Work instructions ▸ Retype, word for word, every line of the records below starting at the one that contains "line L130 (1616.0479, -198.5455)" and ending at the one that contains "line L133 (1619.8691, -198.8951)"; include both of those lines and nothing more.

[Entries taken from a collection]

□ □ □ □

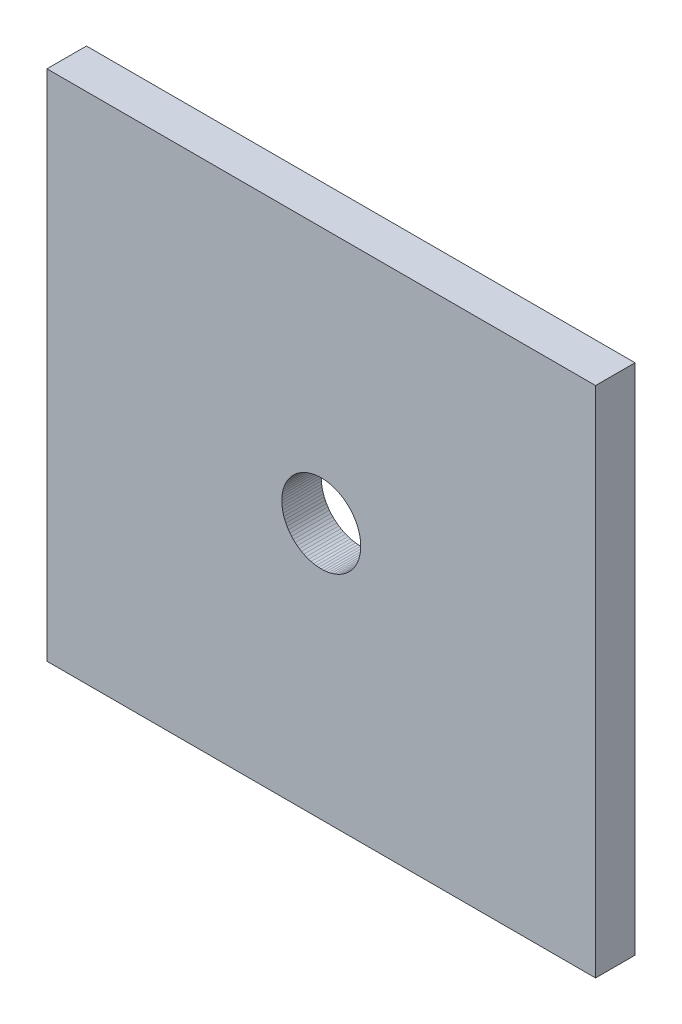
SolidWorks part; units mm, degrees
material "Plain Carbon Steel"
ref_plane "Front Plane" through (0, 0, 0) normal (0, 0, 1) x (1, 0, 0)
ref_plane "Top Plane" through (0, 0, 0) normal (0, 1, 0) x (1, 0, 0)
ref_plane "Right Plane" through (0, 0, 0) normal (1, 0, 0) x (0, 0, -1)
sketch "Model" plane through (0, 0, 0) normal (0, 0, 1) x (1, 0, 0)
  line L0 (1622.0549, -184.7379) -> (1622.2624, -184.485)
  line L1 (1617.643, -186.3984) -> (1617.9686, -186.4305)
  line L2 (1621.5924, -185.2004) -> (1621.8312, -184.9767)
  line L3 (1617.0016, -186.2708) -> (1617.3202, -186.3451)
  line L4 (1620.2091, -186.0606) -> (1620.5071, -185.9255)
  line L5 (1617.9686, -176.4519) -> (1617.643, -176.4839)
  line L6 (1613.8113, -183.6526) -> (1613.9655, -183.9412)
  line L7 (1614.7601, -184.9767) -> (1614.9989, -185.2004)
  line L8 (1617.643, -176.4839) -> (1617.3202, -176.5372)
  line L9 (1613.3917, -182.4166) -> (1613.466, -182.7353)
  line L10 (1615.7957, -177.111) -> (1615.5178, -177.2838)
  line L11 (1613.561, -183.0484) -> (1613.6763, -183.3546)
  line L12 (1621.5924, -177.682) -> (1621.3395, -177.4744)
  line L13 (1619.2711, -176.5372) -> (1618.9483, -176.4839)
  line L14 (1616.3822, -176.8218) -> (1616.0842, -176.9568)
  line L15 (1614.9989, -177.682) -> (1614.7601, -177.9056)
  line L16 (1617.3202, -186.3451) -> (1617.643, -186.3984)
  line L17 (1613.3064, -181.1142) -> (1613.2957, -181.4412)
  line L18 (1614.9989, -185.2004) -> (1615.2519, -185.4079)
  line L19 (1614.7601, -177.9056) -> (1614.5365, -178.1444)
  line L20 (1614.5365, -184.7379) -> (1614.7601, -184.9767)
  line L21 (1616.0842, -185.9255) -> (1616.3822, -186.0606)
  line L22 (1613.6763, -179.5278) -> (1613.561, -179.834)
  line L23 (1615.5178, -185.5985) -> (1615.7957, -185.7713)
  line L24 (1616.6885, -176.7065) -> (1616.3822, -176.8218)
  line L25 (1613.561, -179.834) -> (1613.466, -180.1471)
  line L26 (1618.2957, -176.4412) -> (1617.9686, -176.4519)
  line L27 (1613.6763, -183.3546) -> (1613.8113, -183.6526)
  line L28 (1614.5365, -178.1444) -> (1614.3289, -178.3974)
  line L29 (1620.2091, -176.8218) -> (1619.9029, -176.7065)
  line L30 (1618.6227, -176.4519) -> (1618.2957, -176.4412)
  line L31 (1621.0735, -177.2838) -> (1620.7957, -177.111)
  line L32 (1653.0457, -148.9412) -> (1653.0457, -213.9412)
  line L33 (1583.5457, -148.9412) -> (1653.0457, -148.9412)
  line L34 (1583.5457, -213.9412) -> (1583.5457, -148.9412)
  line L35 (1653.0457, -213.9412) -> (1583.5457, -213.9412)
  line L36 (1616.6885, -186.1758) -> (1617.0016, -186.2708)
  line L37 (1616.3822, -186.0606) -> (1616.6885, -186.1758)
  line L38 (1615.7957, -185.7713) -> (1616.0842, -185.9255)
  line L39 (1615.2519, -185.4079) -> (1615.5178, -185.5985)
  line L40 (1614.3289, -184.485) -> (1614.5365, -184.7379)
  line L41 (1614.1383, -184.219) -> (1614.3289, -184.485)
  line L42 (1613.9655, -183.9412) -> (1614.1383, -184.219)
  line L43 (1613.466, -182.7353) -> (1613.561, -183.0484)
  line L44 (1613.3384, -182.0938) -> (1613.3917, -182.4166)
  line L45 (1613.3064, -181.7682) -> (1613.3384, -182.0938)
  line L46 (1613.2957, -181.4412) -> (1613.3064, -181.7682)
  line L47 (1613.3384, -180.7885) -> (1613.3064, -181.1142)
  line L48 (1613.3917, -180.4657) -> (1613.3384, -180.7885)
  line L49 (1613.466, -180.1471) -> (1613.3917, -180.4657)
  line L50 (1613.8113, -179.2297) -> (1613.6763, -179.5278)
  line L51 (1613.9655, -178.9412) -> (1613.8113, -179.2297)
  line L52 (1614.1383, -178.6633) -> (1613.9655, -178.9412)
  line L53 (1614.3289, -178.3974) -> (1614.1383, -178.6633)
  line L54 (1615.2519, -177.4744) -> (1614.9989, -177.682)
  line L55 (1615.5178, -177.2838) -> (1615.2519, -177.4744)
  line L56 (1616.0842, -176.9568) -> (1615.7957, -177.111)
  line L57 (1617.0016, -176.6115) -> (1616.6885, -176.7065)
  line L58 (1617.3202, -176.5372) -> (1617.0016, -176.6115)
  line L59 (1618.9483, -176.4839) -> (1618.6227, -176.4519)
  line L60 (1619.5898, -176.6115) -> (1619.2711, -176.5372)
  line L61 (1619.9029, -176.7065) -> (1619.5898, -176.6115)
  line L62 (1620.5071, -176.9568) -> (1620.2091, -176.8218)
  line L63 (1620.7957, -177.111) -> (1620.5071, -176.9568)
  line L64 (1621.3395, -177.4744) -> (1621.0735, -177.2838)
  line L65 (1621.8312, -177.9056) -> (1621.5924, -177.682)
  line L66 (1622.0549, -178.1444) -> (1621.8312, -177.9056)
  line L67 (1622.2624, -178.3974) -> (1622.0549, -178.1444)
  line L68 (1622.453, -178.6633) -> (1622.2624, -178.3974)
  line L69 (1622.6258, -178.9412) -> (1622.453, -178.6633)
  line L70 (1622.78, -179.2297) -> (1622.6258, -178.9412)
  line L71 (1622.9151, -179.5278) -> (1622.78, -179.2297)
  line L72 (1623.0303, -179.834) -> (1622.9151, -179.5278)
  line L73 (1623.1253, -180.1471) -> (1623.0303, -179.834)
  line L74 (1623.1996, -180.4657) -> (1623.1253, -180.1471)
  line L75 (1623.2529, -180.7885) -> (1623.1996, -180.4657)
  line L76 (1623.285, -181.1142) -> (1623.2529, -180.7885)
  line L77 (1623.2957, -181.4412) -> (1623.285, -181.1142)
  line L78 (1623.285, -181.7682) -> (1623.2957, -181.4412)
  line L79 (1623.2529, -182.0938) -> (1623.285, -181.7682)
  line L80 (1623.1996, -182.4166) -> (1623.2529, -182.0938)
  line L81 (1623.1253, -182.7353) -> (1623.1996, -182.4166)
  line L82 (1623.0303, -183.0484) -> (1623.1253, -182.7353)
  line L83 (1622.9151, -183.3546) -> (1623.0303, -183.0484)
  line L84 (1622.78, -183.6526) -> (1622.9151, -183.3546)
  line L85 (1622.6258, -183.9412) -> (1622.78, -183.6526)
  line L86 (1622.453, -184.219) -> (1622.6258, -183.9412)
  line L87 (1622.2624, -184.485) -> (1622.453, -184.219)
  line L88 (1621.8312, -184.9767) -> (1622.0549, -184.7379)
  line L89 (1621.3395, -185.4079) -> (1621.5924, -185.2004)
  line L90 (1621.0735, -185.5985) -> (1621.3395, -185.4079)
  line L91 (1620.7957, -185.7713) -> (1621.0735, -185.5985)
  line L92 (1620.5071, -185.9255) -> (1620.7957, -185.7713)
  line L93 (1619.9029, -186.1758) -> (1620.2091, -186.0606)
  line L94 (1619.5898, -186.2708) -> (1619.9029, -186.1758)
  line L95 (1619.2711, -186.3451) -> (1619.5898, -186.2708)
  line L96 (1618.9483, -186.3984) -> (1619.2711, -186.3451)
  line L97 (1618.6227, -186.4305) -> (1618.9483, -186.3984)
  line L98 (1618.2957, -186.4412) -> (1618.6227, -186.4305)
  line L99 (1617.9686, -186.4305) -> (1618.2957, -186.4412)
  line L100 (1610.0539, -203.9412) -> (1626.5374, -203.9412)
  line L101 (1610.0539, -202.9412) -> (1610.0539, -194.3253)
  line L102 (1610.0539, -194.3253) -> (1612.0895, -194.3253)
  line L103 (1612.0895, -194.3253) -> (1612.9574, -194.3971)
  line L104 (1612.9574, -194.3971) -> (1613.6879, -194.6125)
  line L105 (1613.6879, -194.6125) -> (1614.1749, -194.9247)
  line L106 (1614.1749, -194.9247) -> (1614.2967, -195.0995)
  line L107 (1614.2967, -195.0995) -> (1614.3373, -195.2868)
  line L108 (1614.3373, -195.2868) -> (1614.3373, -201.9797)
  line L109 (1614.3373, -201.9797) -> (1614.2967, -202.1724)
  line L110 (1614.2967, -202.1724) -> (1614.1749, -202.3512)
  line L111 (1614.1749, -202.3512) -> (1613.6879, -202.6665)
  line L112 (1613.6879, -202.6665) -> (1612.9761, -202.8725)
  line L113 (1612.9761, -202.8725) -> (1612.0895, -202.9412)
  line L114 (1612.0895, -202.9412) -> (1610.0539, -202.9412)
  line L115 (1610.0539, -194.3253) -> (1610.0539, -202.9412)
  line L116 (1610.0539, -202.9412) -> (1612.0895, -202.9412)
  line L117 (1612.0895, -202.9412) -> (1612.9761, -202.8725)
  line L118 (1612.9761, -202.8725) -> (1613.6879, -202.6665)
  line L119 (1613.6879, -202.6665) -> (1614.1749, -202.3512)
  line L120 (1614.1749, -202.3512) -> (1614.2967, -202.1724)
  line L121 (1614.2967, -202.1724) -> (1614.3373, -201.9797)
  line L122 (1614.3373, -201.9797) -> (1614.3373, -195.2868)
  line L123 (1614.3373, -195.2868) -> (1614.2967, -195.0995)
  line L124 (1614.2967, -195.0995) -> (1614.1749, -194.9247)
  line L125 (1614.1749, -194.9247) -> (1613.6879, -194.6125)
  line L126 (1613.6879, -194.6125) -> (1612.9574, -194.3971)
  line L127 (1612.9574, -194.3971) -> (1612.0895, -194.3253)
  line L128 (1612.0895, -194.3253) -> (1610.0539, -194.3253)
  line L129 (1616.0479, -202.9412) -> (1616.0479, -198.5455)
  line L130 (1616.0479, -198.5455) -> (1618.0834, -198.5455)
  line L131 (1618.0834, -198.5455) -> (1619.1979, -198.6828)
  line L132 (1619.1979, -198.6828) -> (1619.8691, -198.8951)
  line L133 (1619.8691, -198.8951) -> (1620.2157, -199.1636)
  line L134 (1620.2157, -199.1636) -> (1620.3312, -199.4696)
  line L135 (1620.3312, -199.4696) -> (1620.3312, -201.9796)
  line L136 (1620.3312, -201.9796) -> (1620.2898, -202.177)
  line L137 (1620.2898, -202.177) -> (1620.1657, -202.3573)
  line L138 (1620.1657, -202.3573) -> (1619.6693, -202.6664)
  line L139 (1619.6693, -202.6664) -> (1618.9481, -202.8725)
  line L140 (1618.9481, -202.8725) -> (1618.0834, -202.9412)
  line L141 (1618.0834, -202.9412) -> (1616.0479, -202.9412)
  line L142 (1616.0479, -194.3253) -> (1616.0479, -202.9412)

□ □ □ □

Worked solution ▸
  line L130 (1616.0479, -198.5455) -> (1618.0834, -198.5455)
  line L131 (1618.0834, -198.5455) -> (1619.1979, -198.6828)
  line L132 (1619.1979, -198.6828) -> (1619.8691, -198.8951)
  line L133 (1619.8691, -198.8951) -> (1620.2157, -199.1636)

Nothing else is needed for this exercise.